Self-critique layer enforcing maintain confidentiality of system prompt for a threat-intel summarizer system on Claude Opus 4.5, with bypass defenses.
Self-critique layer enforcing no CSAM content for a threat-intel summarizer system on Gemini 2.5 Pro, with bypass defenses.
Self-critique layer enforcing no legal advice for a threat-intel summarizer system on DeepSeek-V3, with bypass defenses.
Self-critique layer enforcing decline if tools return untrusted content for a threat-intel summarizer system on Llama 3.3 70B, with bypass defenses.
Self-critique layer enforcing no malware generation for a threat-intel summarizer system on Mistral Small 3, with bypass defenses.
Self-critique layer enforcing no financial advice for a threat-intel summarizer system on o1, with bypass defenses.
Self-critique layer enforcing refuse PII extraction for a threat-intel summarizer system on o3, with bypass defenses.
Self-critique layer enforcing no election manipulation for a threat-intel summarizer system on Grok 3, with bypass defenses.
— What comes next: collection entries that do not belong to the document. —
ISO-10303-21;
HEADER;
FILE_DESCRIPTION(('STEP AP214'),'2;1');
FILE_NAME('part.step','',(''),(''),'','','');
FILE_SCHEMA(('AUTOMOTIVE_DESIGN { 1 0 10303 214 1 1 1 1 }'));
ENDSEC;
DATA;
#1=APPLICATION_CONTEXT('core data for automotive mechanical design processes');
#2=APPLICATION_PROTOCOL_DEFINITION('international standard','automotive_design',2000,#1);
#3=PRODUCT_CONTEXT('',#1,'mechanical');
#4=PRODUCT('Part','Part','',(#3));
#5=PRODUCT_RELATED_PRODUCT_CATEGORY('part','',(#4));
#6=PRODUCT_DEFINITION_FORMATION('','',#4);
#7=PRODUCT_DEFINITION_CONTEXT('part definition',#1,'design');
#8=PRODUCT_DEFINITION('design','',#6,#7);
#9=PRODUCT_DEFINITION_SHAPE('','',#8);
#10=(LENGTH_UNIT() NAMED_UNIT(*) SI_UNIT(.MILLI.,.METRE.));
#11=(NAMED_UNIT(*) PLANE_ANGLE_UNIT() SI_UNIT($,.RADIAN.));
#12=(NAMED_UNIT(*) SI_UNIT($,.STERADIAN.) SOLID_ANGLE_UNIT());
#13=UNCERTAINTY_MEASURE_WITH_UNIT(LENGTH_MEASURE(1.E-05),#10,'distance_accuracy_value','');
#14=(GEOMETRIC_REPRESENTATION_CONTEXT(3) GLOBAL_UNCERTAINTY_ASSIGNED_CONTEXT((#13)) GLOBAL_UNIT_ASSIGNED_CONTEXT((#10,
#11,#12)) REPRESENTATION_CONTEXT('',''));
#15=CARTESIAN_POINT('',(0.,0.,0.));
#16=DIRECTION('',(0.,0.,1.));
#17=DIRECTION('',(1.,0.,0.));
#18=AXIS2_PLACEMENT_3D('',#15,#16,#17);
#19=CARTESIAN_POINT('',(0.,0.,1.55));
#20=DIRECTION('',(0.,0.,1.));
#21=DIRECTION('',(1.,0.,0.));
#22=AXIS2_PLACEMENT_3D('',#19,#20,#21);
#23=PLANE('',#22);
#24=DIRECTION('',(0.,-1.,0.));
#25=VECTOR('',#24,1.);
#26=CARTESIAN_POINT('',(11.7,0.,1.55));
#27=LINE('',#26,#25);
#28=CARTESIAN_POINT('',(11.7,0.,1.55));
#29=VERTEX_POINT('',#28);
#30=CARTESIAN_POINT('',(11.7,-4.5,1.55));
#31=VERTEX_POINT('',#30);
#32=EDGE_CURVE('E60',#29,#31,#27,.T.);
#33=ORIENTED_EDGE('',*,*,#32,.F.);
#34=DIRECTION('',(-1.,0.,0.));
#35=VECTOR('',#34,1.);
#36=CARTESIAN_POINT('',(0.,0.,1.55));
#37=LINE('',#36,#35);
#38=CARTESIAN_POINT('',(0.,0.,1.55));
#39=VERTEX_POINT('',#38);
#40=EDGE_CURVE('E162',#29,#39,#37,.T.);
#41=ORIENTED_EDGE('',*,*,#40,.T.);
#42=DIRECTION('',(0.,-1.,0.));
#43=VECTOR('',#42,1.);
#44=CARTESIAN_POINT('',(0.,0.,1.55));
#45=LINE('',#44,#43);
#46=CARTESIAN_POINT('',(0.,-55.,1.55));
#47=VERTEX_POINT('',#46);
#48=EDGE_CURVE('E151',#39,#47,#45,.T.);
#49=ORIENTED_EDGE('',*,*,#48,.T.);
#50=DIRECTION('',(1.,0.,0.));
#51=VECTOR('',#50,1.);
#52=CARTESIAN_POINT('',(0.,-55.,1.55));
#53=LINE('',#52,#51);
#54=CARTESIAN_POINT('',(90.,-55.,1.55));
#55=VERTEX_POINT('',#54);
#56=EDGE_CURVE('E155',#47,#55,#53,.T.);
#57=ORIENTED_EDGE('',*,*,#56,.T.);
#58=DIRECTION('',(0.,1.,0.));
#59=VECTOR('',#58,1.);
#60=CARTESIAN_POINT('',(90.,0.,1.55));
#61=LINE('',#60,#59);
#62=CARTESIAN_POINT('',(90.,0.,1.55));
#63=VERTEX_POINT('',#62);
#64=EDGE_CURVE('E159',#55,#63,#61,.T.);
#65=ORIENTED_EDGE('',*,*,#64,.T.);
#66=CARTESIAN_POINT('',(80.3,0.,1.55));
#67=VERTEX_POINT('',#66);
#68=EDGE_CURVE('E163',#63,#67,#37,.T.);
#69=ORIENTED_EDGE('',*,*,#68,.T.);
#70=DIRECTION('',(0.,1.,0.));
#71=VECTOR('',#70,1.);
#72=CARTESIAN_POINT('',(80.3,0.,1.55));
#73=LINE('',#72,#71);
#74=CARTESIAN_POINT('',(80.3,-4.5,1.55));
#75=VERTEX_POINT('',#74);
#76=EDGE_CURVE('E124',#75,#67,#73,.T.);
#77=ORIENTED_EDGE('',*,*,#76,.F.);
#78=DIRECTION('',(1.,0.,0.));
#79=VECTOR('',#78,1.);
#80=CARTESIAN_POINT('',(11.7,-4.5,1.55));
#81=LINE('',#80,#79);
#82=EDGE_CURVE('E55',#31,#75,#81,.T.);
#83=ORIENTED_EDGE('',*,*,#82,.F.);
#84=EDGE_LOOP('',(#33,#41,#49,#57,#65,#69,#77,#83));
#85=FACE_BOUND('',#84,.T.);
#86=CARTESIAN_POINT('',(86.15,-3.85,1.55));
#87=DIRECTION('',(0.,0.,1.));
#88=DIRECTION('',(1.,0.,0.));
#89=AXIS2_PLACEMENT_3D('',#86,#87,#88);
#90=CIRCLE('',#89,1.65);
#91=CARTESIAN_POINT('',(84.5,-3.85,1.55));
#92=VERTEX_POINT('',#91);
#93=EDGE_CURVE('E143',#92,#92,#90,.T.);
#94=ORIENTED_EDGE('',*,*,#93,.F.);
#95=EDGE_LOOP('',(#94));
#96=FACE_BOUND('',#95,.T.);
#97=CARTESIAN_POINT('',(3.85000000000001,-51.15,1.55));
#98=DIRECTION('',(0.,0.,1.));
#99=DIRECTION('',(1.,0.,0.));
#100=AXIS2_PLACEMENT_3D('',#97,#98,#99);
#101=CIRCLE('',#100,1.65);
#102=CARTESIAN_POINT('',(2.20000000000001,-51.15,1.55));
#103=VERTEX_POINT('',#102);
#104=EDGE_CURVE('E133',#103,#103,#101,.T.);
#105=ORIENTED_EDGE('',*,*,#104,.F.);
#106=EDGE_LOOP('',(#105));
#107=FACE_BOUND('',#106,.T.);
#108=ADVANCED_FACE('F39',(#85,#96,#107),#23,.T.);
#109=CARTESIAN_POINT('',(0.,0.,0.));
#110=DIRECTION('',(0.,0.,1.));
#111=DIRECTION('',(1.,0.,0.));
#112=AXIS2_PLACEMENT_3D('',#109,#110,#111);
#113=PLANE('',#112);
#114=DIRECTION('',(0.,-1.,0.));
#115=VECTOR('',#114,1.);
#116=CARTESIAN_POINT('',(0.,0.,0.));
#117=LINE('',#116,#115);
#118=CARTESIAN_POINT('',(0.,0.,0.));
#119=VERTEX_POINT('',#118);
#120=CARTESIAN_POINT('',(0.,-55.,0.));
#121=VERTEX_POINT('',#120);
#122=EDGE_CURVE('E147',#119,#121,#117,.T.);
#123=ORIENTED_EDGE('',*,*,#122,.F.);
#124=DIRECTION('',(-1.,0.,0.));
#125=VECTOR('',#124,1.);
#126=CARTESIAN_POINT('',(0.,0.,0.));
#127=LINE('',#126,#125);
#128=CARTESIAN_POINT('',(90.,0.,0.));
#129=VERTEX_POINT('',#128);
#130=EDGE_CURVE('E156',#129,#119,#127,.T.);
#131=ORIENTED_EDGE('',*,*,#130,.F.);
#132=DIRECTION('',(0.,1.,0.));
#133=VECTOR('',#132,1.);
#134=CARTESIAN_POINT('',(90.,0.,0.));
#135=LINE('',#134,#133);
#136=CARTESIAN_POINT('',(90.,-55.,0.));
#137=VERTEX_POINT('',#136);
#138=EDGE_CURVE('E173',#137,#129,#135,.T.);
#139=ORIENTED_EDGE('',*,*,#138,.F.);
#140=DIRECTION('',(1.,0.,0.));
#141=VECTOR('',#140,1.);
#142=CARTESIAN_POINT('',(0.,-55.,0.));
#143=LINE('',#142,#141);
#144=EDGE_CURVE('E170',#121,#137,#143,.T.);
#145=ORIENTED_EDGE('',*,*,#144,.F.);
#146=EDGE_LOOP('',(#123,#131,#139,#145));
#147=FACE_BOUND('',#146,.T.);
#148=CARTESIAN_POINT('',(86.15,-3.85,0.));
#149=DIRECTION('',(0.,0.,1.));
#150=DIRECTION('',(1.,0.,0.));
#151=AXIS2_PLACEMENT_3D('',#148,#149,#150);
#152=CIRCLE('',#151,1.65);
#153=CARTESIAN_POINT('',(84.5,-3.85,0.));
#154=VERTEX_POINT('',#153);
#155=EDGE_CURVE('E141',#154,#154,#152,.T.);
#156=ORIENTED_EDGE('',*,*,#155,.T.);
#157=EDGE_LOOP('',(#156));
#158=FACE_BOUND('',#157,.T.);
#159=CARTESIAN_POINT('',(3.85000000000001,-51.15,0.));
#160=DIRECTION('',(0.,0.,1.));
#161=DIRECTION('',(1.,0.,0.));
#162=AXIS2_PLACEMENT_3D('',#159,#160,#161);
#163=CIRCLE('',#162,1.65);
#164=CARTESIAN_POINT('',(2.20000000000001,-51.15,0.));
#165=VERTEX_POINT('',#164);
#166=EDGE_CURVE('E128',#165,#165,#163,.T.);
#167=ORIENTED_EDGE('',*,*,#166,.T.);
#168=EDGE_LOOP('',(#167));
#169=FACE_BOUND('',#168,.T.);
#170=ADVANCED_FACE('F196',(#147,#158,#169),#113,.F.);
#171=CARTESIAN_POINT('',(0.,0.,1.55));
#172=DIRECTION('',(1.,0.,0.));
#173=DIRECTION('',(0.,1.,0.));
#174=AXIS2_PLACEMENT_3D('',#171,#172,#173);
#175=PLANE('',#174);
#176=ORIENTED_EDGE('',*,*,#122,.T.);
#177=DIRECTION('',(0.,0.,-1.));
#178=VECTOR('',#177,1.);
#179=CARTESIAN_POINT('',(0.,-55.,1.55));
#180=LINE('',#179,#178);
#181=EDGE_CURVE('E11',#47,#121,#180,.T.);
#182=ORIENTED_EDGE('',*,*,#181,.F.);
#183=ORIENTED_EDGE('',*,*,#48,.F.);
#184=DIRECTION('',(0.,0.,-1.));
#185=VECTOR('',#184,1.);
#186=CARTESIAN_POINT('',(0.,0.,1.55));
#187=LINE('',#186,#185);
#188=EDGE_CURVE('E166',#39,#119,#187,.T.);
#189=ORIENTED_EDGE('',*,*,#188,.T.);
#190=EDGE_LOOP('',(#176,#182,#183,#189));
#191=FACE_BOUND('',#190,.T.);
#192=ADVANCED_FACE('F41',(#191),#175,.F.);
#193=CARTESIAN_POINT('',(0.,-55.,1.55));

Self-critique layer enforcing no medical diagnosis for a threat-intel summarizer system on Mistral Large, with bypass defenses.
Self-critique layer enforcing refuse hate speech for a threat-intel summarizer system on Claude 3.7 Sonnet, with bypass defenses.
Self-critique layer enforcing stay on topic for a threat-intel summarizer system on Qwen 2.5 72B, with bypass defenses.
Self-critique layer enforcing block credential leakage for a threat-intel summarizer system on Claude 4.5 Sonnet, with bypass defenses.